Donc la mère comblant la faim ici évoquée, n’est pas celle qui donnerait la juste quantité de lait qu’il faut, ceci à la limite, la technologie scientifique pourrait bien nous fabriquer un de ces jours une machine qui pourrait le faire, elle sait en fait déjà le faire, ravalant la demande au besoin. Elle est celle qui saurait répondre juste comme il faut à toutes les demandes de la substance humaine, pour reprendre cette expression de Michel Lapeyre, celle d’un corps vivant, d’un petit animal vivant, qu’elle a humanisé. Elle l’a humanisé sur un certain mode, par un maternage où son regard, sa voix, ses gestes soutiennent la lalangue qui est sienne, qui l’accompagne. Mais de ce fait s’inscrit dans l’homme un potentiel à la déshumanisation si ce qui l’humanise vient à manquer.

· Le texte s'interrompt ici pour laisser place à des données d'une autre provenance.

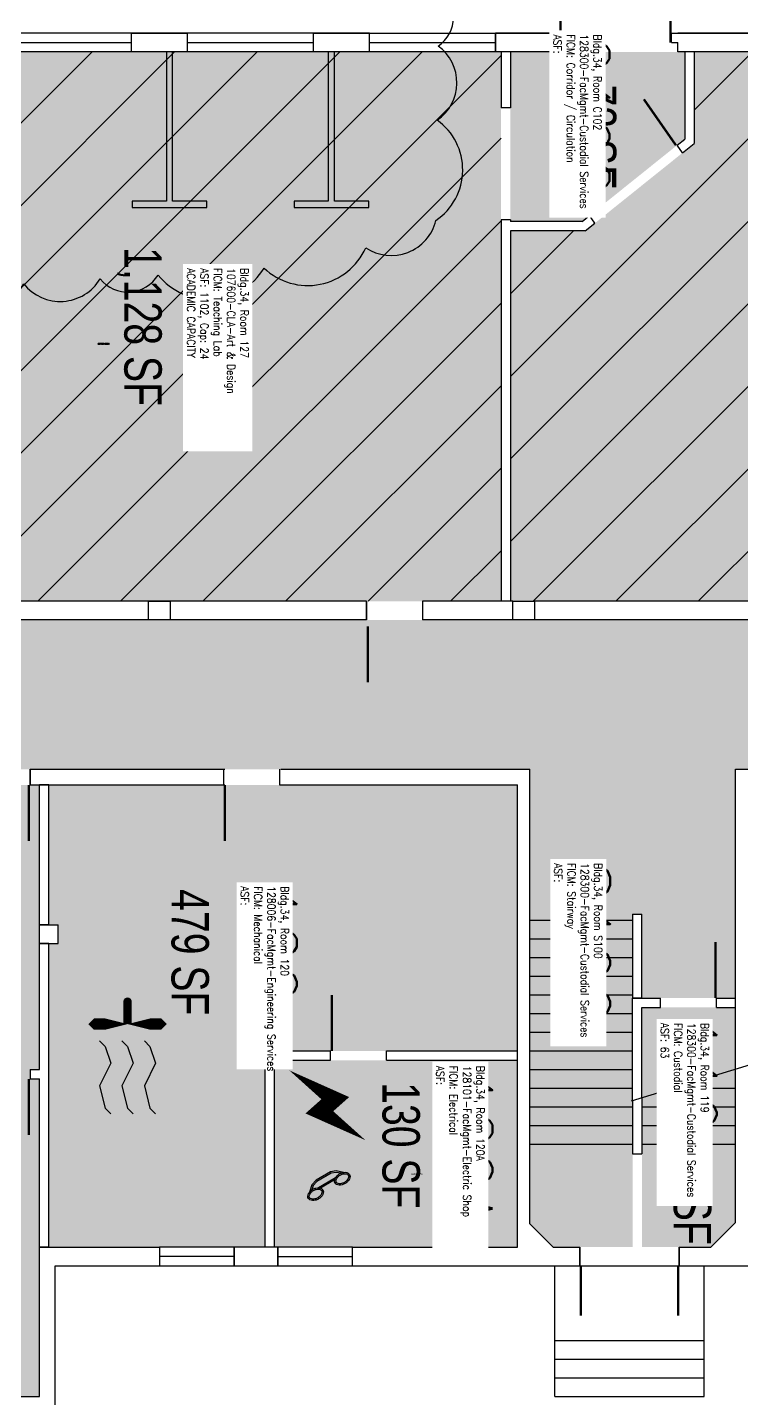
# Model space of a CAD drawing. Header units: inches. Extents: x -726 to 3772, y 0 to 2633.
# Drawn here: x 47 to 505, y 443 to 1324 of the extents above; entities that cross this region are included whole.
import ezdxf
from ezdxf.enums import TextEntityAlignment as Align

# ---------------------------------------------------------------- set-up
doc = ezdxf.new("R2010")
doc.units = ezdxf.units.IN
doc.header["$LTSCALE"] = 10
doc.header["$MEASUREMENT"] = 0
doc.layers.get('0').update_dxf_attribs({"linetype": 'CONTINUOUS'})
for name, color, linetype in [('A-DOOR', 2, 'CONTINUOUS'), ('A-FLOR', 3, 'CONTINUOUS'), ('A-GLAZ', 1, 'CONTINUOUS'), ('A-IDEN-ICON', 4, 'CONTINUOUS'), ('A-IDEN-RNUM', 7, 'CONTINUOUS'), ('A-IDEN-SNUM', 4, 'CONTINUOUS'), ('A-IDEN-VNUM', 4, 'CONTINUOUS'), ('A-REV', 1, 'CONTINUOUS'), ('A-SITE', 3, 'CONTINUOUS'), ('A-WALL', 5, 'CONTINUOUS'), ('AREA-TEXT', 3, 'CONTINUOUS'), ('Rooms-Capacity', 4, 'CONTINUOUS'), ('Rooms-Category-Color', 7, 'CONTINUOUS'), ('Rooms-College-Color', 7, 'CONTINUOUS'), ('Rooms-Department-Color', 7, 'CONTINUOUS'), ('Rooms-Division-Color', 7, 'CONTINUOUS'), ('Rooms-Information', 7, 'CONTINUOUS')]:
    doc.layers.add(name, color=color, linetype=linetype)
doc.styles.add('AREA', font='arial.ttf', dxfattribs={"width": 0.75, "height": 24})
doc.styles.add('ROOMSNUMBER', font='txt', dxfattribs={"height": 0.03})
doc.styles.add('ROOMVNUMBER', font='simplex.shx', dxfattribs={"width": 0.85})

# ---------------------------------------------------------------- blocks, each defined once
blk = doc.blocks.new('CPELECT')
at = {"color": 0, "linetype": 'ByBlock'}
blk.add_lwpolyline([(0.0623, 0.0629, 0, 0.03, 0), (0.0105, -0.0168, 0.03, 0.03, 0), (-0.0105, 0.0068, 0.03, 0, 0), (-0.0623, -0.0729, 0.03, 0, 0)], format="xyseb", dxfattribs=at)
blk = doc.blocks.new('CPMECH')
at = {"color": 0, "linetype": 'ByBlock'}
for p, q in [((0.005, 0.025), (0.015, 0.035)), ((0.015, 0.035), (0.045, 0.045)), ((0.045, 0.045), (0.085, 0.025)), ((0.085, 0.025), (0.125, 0.035)), ((0.125, 0.035), (0.135, 0.045)), ((0.015, -0.005), (0.045, 0.005)), ((0.045, 0.005), (0.085, -0.015)), ((0.125, -0.005), (0.135, 0.005)), ((0.005, -0.015), (0.015, -0.005)), ((0.085, -0.015), (0.125, -0.005)), ((0.005, -0.055), (0.015, -0.045)), ((0.015, -0.045), (0.045, -0.035)), ((0.045, -0.035), (0.085, -0.055)), ((0.085, -0.055), (0.125, -0.045)), ((0.125, -0.045), (0.135, -0.035))]:
    blk.add_line(p, q, dxfattribs=at)
for points in [[(-0.025, -0.005, 0, 0.02, 0), (-0.025, 0.035, 0.02, 0.02, 0), (-0.025, 0.055, 0.02, 0, 0), (-0.025, 0.065, 0, 0, 0)], [(-0.025, -0.005, 0, 0.02, 0), (-0.025, -0.045, 0.02, 0.02, 0), (-0.025, -0.065, 0.02, 0, 0), (-0.025, -0.075, 0, 0, 0)]]:
    blk.add_lwpolyline(points, format="xyseb", dxfattribs=at)
at = {"color": 0, "linetype": 'ByBlock', "const_width": 0.015}
blk.add_lwpolyline([(-0.025, -0.005), (-0.065, -0.005)], dxfattribs=at)
at = {"color": 0, "linetype": 'ByBlock', "const_width": 0.0075}
blk.add_lwpolyline([(-0.0682, -0.0069, 1), (-0.0618, -0.0031, 1)], format="xyb", close=True, dxfattribs=at)
blk = doc.blocks.new('CPPHONE')
for p, q in [((0.0096, 0.0252), (-0.0196, -0.0252)), ((0.0169, 0.0279), (-0.0182, -0.0329))]:
    blk.add_line(p, q)
for points in [[(0.0364, 0.0572), (0.0417, 0.0308), (0.0382, 0.0108), (0.0082, -0.0411), (-0.0083, -0.0558), (-0.0338, -0.0645)], [(0.0334, 0.047), (0.0366, 0.0307), (0.0334, 0.0126), (0.0043, -0.0379), (-0.0109, -0.0514), (-0.0265, -0.0567)]]:
    blk.add_lwpolyline(points)
for points in [[(0.0288, 0.0786, 0.139889), (0.0216, 0.0804, 0.107118), (0.0122, 0.0781, 0.079812), (0.0039, 0.0722, 0.067459), (-0.0035, 0.0626, 0.067459), (-0.008, 0.0515, 0.079812), (-0.009, 0.0413, 0.107118), (-0.0064, 0.032, 0.139889), (-0.0012, 0.0267, 0.139889), (0.0061, 0.0248, 0.107118), (0.0155, 0.0272, 0.079812), (0.0238, 0.0331, 0.067459), (0.0312, 0.0426, 0.067459), (0.0357, 0.0538, 0.079812), (0.0367, 0.0639, 0.107118), (0.034, 0.0732, 0.139889)], [(0.0263, 0.0743, 0.139889), (0.0218, 0.0754, 0.107118), (0.0144, 0.0736, 0.079812), (0.0074, 0.0686, 0.067459), (0.0008, 0.0601, 0.067459), (-0.0032, 0.0502, 0.079812), (-0.004, 0.0417, 0.107118), (-0.0019, 0.0344, 0.139889), (0.0013, 0.031, 0.139889), (0.0059, 0.0298, 0.107118), (0.0133, 0.0317, 0.079812), (0.0203, 0.0367, 0.067459), (0.0268, 0.0451, 0.067459), (0.0309, 0.055, 0.079812), (0.0317, 0.0636, 0.107118), (0.0296, 0.0709, 0.139889)], [(-0.0262, -0.0167, 0.139889), (-0.0334, -0.0148, 0.107118), (-0.0428, -0.0172, 0.079812), (-0.0511, -0.0231, 0.067459), (-0.0585, -0.0326, 0.067459), (-0.063, -0.0438, 0.079812), (-0.064, -0.0539, 0.107118), (-0.0614, -0.0632, 0.139889), (-0.0562, -0.0686, 0.139889), (-0.0489, -0.0704, 0.107118), (-0.0395, -0.0681, 0.079812), (-0.0312, -0.0622, 0.067459), (-0.0238, -0.0526, 0.067459), (-0.0193, -0.0415, 0.079812), (-0.0183, -0.0313, 0.107118), (-0.021, -0.022, 0.139889)], [(-0.0287, -0.021, 0.139889), (-0.0332, -0.0198, 0.107118), (-0.0406, -0.0217, 0.079812), (-0.0476, -0.0267, 0.067459), (-0.0542, -0.0351, 0.067459), (-0.0582, -0.045, 0.079812), (-0.059, -0.0536, 0.107118), (-0.0569, -0.0609, 0.139889), (-0.0537, -0.0643, 0.139889), (-0.0491, -0.0654, 0.107118), (-0.0417, -0.0636, 0.079812), (-0.0347, -0.0586, 0.067459), (-0.0282, -0.0501, 0.067459), (-0.0241, -0.0402, 0.079812), (-0.0233, -0.0317, 0.107118), (-0.0254, -0.0244, 0.139889)]]:
    blk.add_lwpolyline(points, format="xyb", close=True)

msp = doc.modelspace()

# ---------------------------------------------------------------- hatches: boundary and pattern name
at = {"layer": 'Rooms-Capacity'}
h = msp.add_hatch(dxfattribs=at)
h.set_pattern_fill('ANSI31', color=256, scale=300, style=0)
h.paths.add_polyline_path([(351, 1200), (351, 1272), (351, 1308), (-109, 1308), (-109, 1039), (-109, 1003), (-109, 955), (264.59, 955), (300, 955), (351, 955)])
h = msp.add_hatch(dxfattribs=at)
h.set_pattern_fill('ANSI31', color=256, scale=300, style=0)
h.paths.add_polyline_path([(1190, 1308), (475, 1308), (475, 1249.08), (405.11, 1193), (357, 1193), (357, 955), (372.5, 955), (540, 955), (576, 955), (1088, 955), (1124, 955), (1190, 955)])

Cette humanisation par la mère peut être supportable car pas trop jouissive ou insupportable car trop jouissive, la jouissance en jeu pouvant aussi bien s’exercer en positif qu’en négatif. Disons pour illustrer cela, qu’être gavé autant qu’être affamé est, à plus ou moins longue échéance, mortel. En ce qui concerne l’humain seront en jeu l’objet dont le sein de la mère sera le support emblématique, dit objet a par Lacan et ses paroles faites d’injonctions diverses et variées dont le surmoi se régalera faisant preuve « d’une gourmandise » qui peut-être sans limite, même si la nature de la mort subjective n’est pas la même. Cette humanisation peut aussi ne pas avoir eu lieu. Celle appelée mère n’est donc pas pour rien dans le supportable et l’insupportable de l’humanisation de la substance vivante dont se soutient l’humain.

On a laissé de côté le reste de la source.